*** Block opens ***

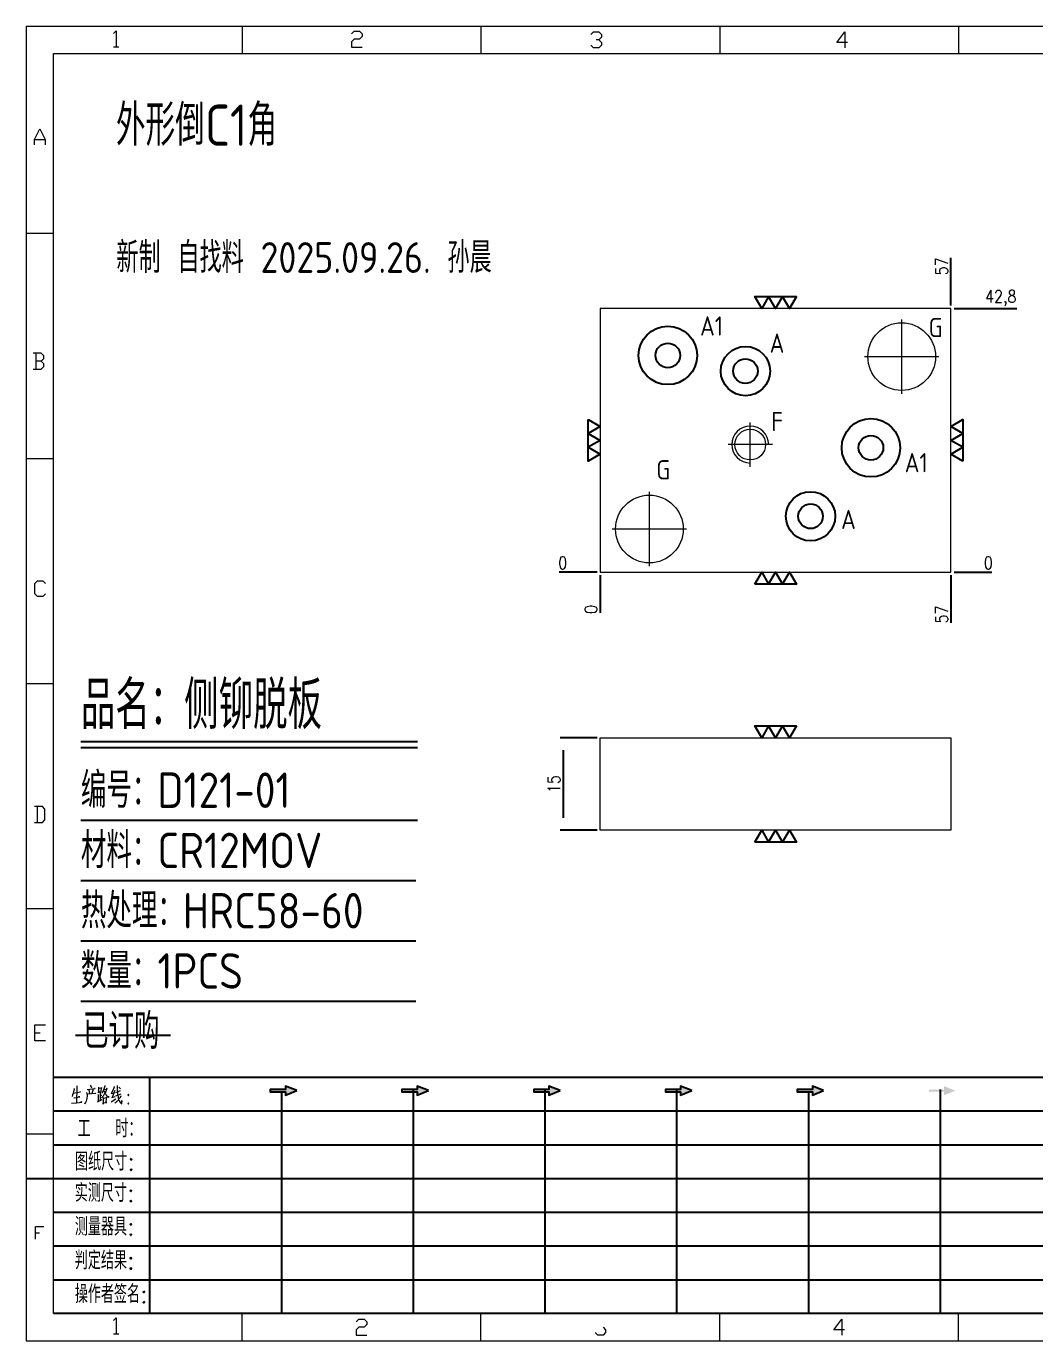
# Model space of a CAD drawing. Header units: millimetres. Extents: x 88508 to 142116, y -5268 to 20283.
# Drawn here: x 114637.9 to 114801.9, y -4880.3 to -4666.8 of the extents above; entities that cross this region are included whole.
import ezdxf
from ezdxf.enums import TextEntityAlignment as Align

# ---------------------------------------------------------------- set-up
doc = ezdxf.new("R2010")
doc.units = ezdxf.units.MM
doc.linetypes.add('CENTER', pattern=[0])
for name, color, linetype in [('DIM', 4, 'Continuous'), ('PH2_W', 1, 'Continuous'), ('PS2', 7, 'Continuous'), ('PS2_O', 40, 'Continuous'), ('PS2_W', 1, 'Continuous'), ('PS_P', 2, 'Continuous'), ('TEXT', 4, 'Continuous')]:
    doc.layers.add(name, color=color, linetype=linetype)
doc.styles.add('chinesef_fs', font='simplex.shx', dxfattribs={"bigfont": 'gbcbig.shx'})
doc.styles.add('gbenor', font='gbenor.shx', dxfattribs={"bigfont": 'gbcbig.shx'})
doc.styles.add('GBENOR_', font='gbenor.shx', dxfattribs={"bigfont": 'gbcbig'})
doc.styles.get("Standard").update_dxf_attribs({"font": 'txt.shx', "width": 0.85, "bigfont": 'ctxt.shx'})
doc.styles.add('TXT', font='txt.shx', dxfattribs={"width": 0.8, "bigfont": 'ctxt.shx'})
doc.dimstyles.new('T-2-WX', dxfattribs={"dimtxt": 2, "dimasz": 2, "dimexe": 0.5, "dimexo": 0.5, "dimgap": 0.5, "dimtad": 1, "dimtxsty": 'Standard', "dimblk": 'OPEN30', "dimcen": 0, "dimazin": 3, "dimtfac": 1, "dimtmove": 0, "dimatfit": 3, "dimldrblk": 'OPEN30', "dimlwd": -1, "dimlwe": -1})

# ---------------------------------------------------------------- blocks, each defined once
blk = doc.blocks.new('U40')
for points in [[(351.8, 337.7), (351.8, 333.2), (367, 339.3), (351.8, 345.3), (351.8, 340.8), (331.2, 340.8), (331.2, 337.7)], [(545.7, 339.3), (530.6, 345.3), (530.6, 340.8), (509.9, 340.8), (509.9, 337.7), (530.6, 337.7), (530.6, 333.2)], [(724.5, 339.3), (709.3, 345.3), (709.3, 340.8), (688.7, 340.8), (688.7, 337.7), (709.3, 337.7), (709.3, 333.2)], [(903.3, 339.3), (888.1, 345.3), (888.1, 340.8), (867.5, 340.8), (867.5, 337.7), (888.1, 337.7), (888.1, 333.2)], [(1082.1, 339.3), (1066.9, 345.3), (1066.9, 340.8), (1046.3, 340.8), (1046.3, 337.7), (1066.9, 337.7), (1066.9, 333.2)], [(1245.7, 337.7), (1245.7, 333.2), (1260.9, 339.3), (1245.7, 345.3), (1245.7, 340.8), (1225.1, 340.8), (1225.1, 337.7)]]:
    blk.add_hatch(color=3).paths.add_polyline_path(points)
at = {"color": 254, "lineweight": 18}
for p, q in [((0, 1783.5), (0, 0)), ((0, 1783.5), (2530.2, 1783.5)), ((941.1, 1783.5), (941.1, 1746.5)), ((1265.1, 1783.5), (1265.1, 1746.5)), ((37, 37), (37, 1746.5)), ((37, 1746.5), (2493.2, 1746.5)), ((0, 1502.7), (37, 1502.7)), ((0, 1197.2), (37, 1197.2)), ((0, 891.7), (37, 891.7)), ((0, 586.3), (37, 586.3)), ((0, 280.8), (37, 280.8)), ((37, 37), (2493.2, 37)), ((941.1, 0), (941.1, 37)), ((1265.1, 0), (1265.1, 37)), ((0, 0), (2530.2, 0))]:
    blk.add_line(p, q, dxfattribs=at)
at = {"color": 254, "linetype": 'Continuous', "lineweight": 18}
for p, q in [((293.1, 1783.5), (293.1, 1746.5)), ((617.1, 1783.5), (617.1, 1746.5)), ((293.1, 0), (293.1, 37)), ((617.1, 0), (617.1, 37))]:
    blk.add_line(p, q, dxfattribs=at)
for p, q in [((38, 357.6), (1598.2, 357.6)), ((38, 311.8), (1598.2, 311.8)), ((37.1, 266), (1598.2, 266)), ((0.1, 220.2), (1598.2, 220.2)), ((37.1, 174.4), (1598.2, 174.4)), ((37.1, 128.6), (1598.2, 128.6)), ((37.1, 82.8), (1598.2, 82.8))]:
    blk.add_line(p, q)
at = {"color": 254}
for p, q in [((167.8, 37), (167.8, 357.6)), ((525.5, 37), (525.5, 340.8)), ((704.3, 37), (704.3, 340.8)), ((883.1, 37), (883.1, 340.8)), ((1240.6, 37), (1240.6, 340.8)), ((346.7, 37), (346.7, 337.9)), ((1061.9, 37), (1061.9, 337.7)), ((1598.2, 37), (38, 37))]:
    blk.add_line(p, q, dxfattribs=at)
at = {"color": 92, "lineweight": 18}
for points in [[(118.3, 1773.7), (121.9, 1777.3), (121.9, 1755.8)], [(441.4, 1773.1), (445, 1776.7), (452.2, 1776.7), (455.8, 1773.1), (455.8, 1769.5), (452.2, 1765.9), (445, 1765.9), (441.4, 1762.3), (441.4, 1755.1), (455.8, 1755.1)], [(766.4, 1772.4), (770, 1776), (777.2, 1776), (780.8, 1772.4), (780.8, 1768.8), (777.2, 1765.2), (773.6, 1765.2)], [(1114.4, 1761.4), (1100, 1761.4), (1110.8, 1775.8), (1110.8, 1754.2)], [(118.3, 1755.8), (125.5, 1755.8)], [(777.2, 1765.2), (780.8, 1761.6), (780.8, 1758), (777.2, 1754.4), (770, 1754.4), (766.4, 1758)], [(11.1, 1622.8), (11.1, 1630), (18.3, 1644.4), (25.5, 1630), (25.5, 1622.8)], [(11.1, 1630), (25.5, 1630)], [(20, 1329), (23.6, 1332.6), (23.6, 1336.2), (20, 1339.8), (9.2, 1339.8)], [(12.8, 1339.8), (12.8, 1318.2)], [(9.2, 1318.2), (20, 1318.2), (23.6, 1321.8), (23.6, 1325.4), (20, 1329), (12.8, 1329)], [(26.1, 1013.2), (22.5, 1009.6), (15.3, 1009.6), (11.7, 1013.2), (11.7, 1027.6), (15.3, 1031.2), (22.5, 1031.2), (26.1, 1027.6)], [(11, 703.2), (21.8, 703.2), (25.4, 706.8), (25.4, 721.2), (21.8, 724.8), (11, 724.8)], [(14.6, 724.8), (14.6, 703.2)], [(26.1, 407), (11.7, 407), (11.7, 428.6), (26.1, 428.6)], [(11.7, 417.8), (18.9, 417.8)], [(12.3, 137.7), (12.3, 155), (23.8, 155)], [(12.3, 146.4), (18.1, 146.4)], [(118.3, 27.4), (121.9, 31), (121.9, 9.4)], [(447.9, 25.7), (451.5, 29.3), (458.7, 29.3), (462.3, 25.7), (462.3, 22.1), (458.7, 18.5), (451.5, 18.5), (447.9, 14.9), (447.9, 7.7), (462.3, 7.7)], [(782.7, 18.5), (786.3, 14.9), (786.3, 11.3), (782.7, 7.7), (775.5, 7.7), (771.9, 11.3)], [(1110.3, 14.9), (1095.9, 14.9), (1106.7, 29.3), (1106.7, 7.7)], [(118.3, 9.4), (125.5, 9.4)]]:
    blk.add_lwpolyline(points, dxfattribs=at)
at = {"color": 92, "lineweight": 0}
for points in [[(65, 342.2), (64.8, 341), (64.1, 337.9), (63.6, 335.7), (62.8, 333.5), (62.1, 331.4)], [(68.4, 345.9), (68.7, 344.4), (68.1, 322.9)], [(82.6, 340.8), (93.7, 342.2), (93.3, 342.4), (92.4, 342)], [(86.1, 336.1), (86, 337.5), (85.3, 339.8)], [(86.7, 346.7), (87.9, 344.6), (88.3, 343)], [(90.3, 341), (90.4, 339.6), (89.1, 335.3)], [(97.8, 344), (98.1, 342.6), (98.1, 340.8), (98.1, 337.9), (98.1, 336.3), (98.2, 337.7), (102.1, 338.3), (101.8, 338.3), (102.1, 343.6), (102.1, 343.2), (102.1, 342.8), (98.2, 342.2)], [(105.5, 341.2), (105.9, 341), (109.6, 341.8), (109.3, 342.6), (108.5, 339.6), (107.6, 337.3), (106.9, 335.9), (105.9, 334.3), (104.3, 332), (103.1, 330.4), (101.9, 329.4)], [(106.6, 346.5), (106.5, 345.2), (105.1, 341.2), (104.2, 338.9), (103.1, 336.3), (102.6, 335.5)], [(104.9, 339.1), (105.3, 338.7), (107, 335.7), (108.6, 333.3), (109.9, 331.2), (110.3, 330.8), (112.6, 330.8), (110.2, 331.2), (109, 332.6)], [(119.3, 344.8), (119.1, 343.8), (116.8, 338.5), (115.4, 335.5), (119.3, 336.3)], [(120.3, 339.4), (118.1, 333.5), (116.4, 330), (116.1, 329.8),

*** Block closes ***

Scan the listing above. Gather each line that contains the word "import".

Answer space:
import ezdxf
from ezdxf.enums import TextEntityAlignment as Align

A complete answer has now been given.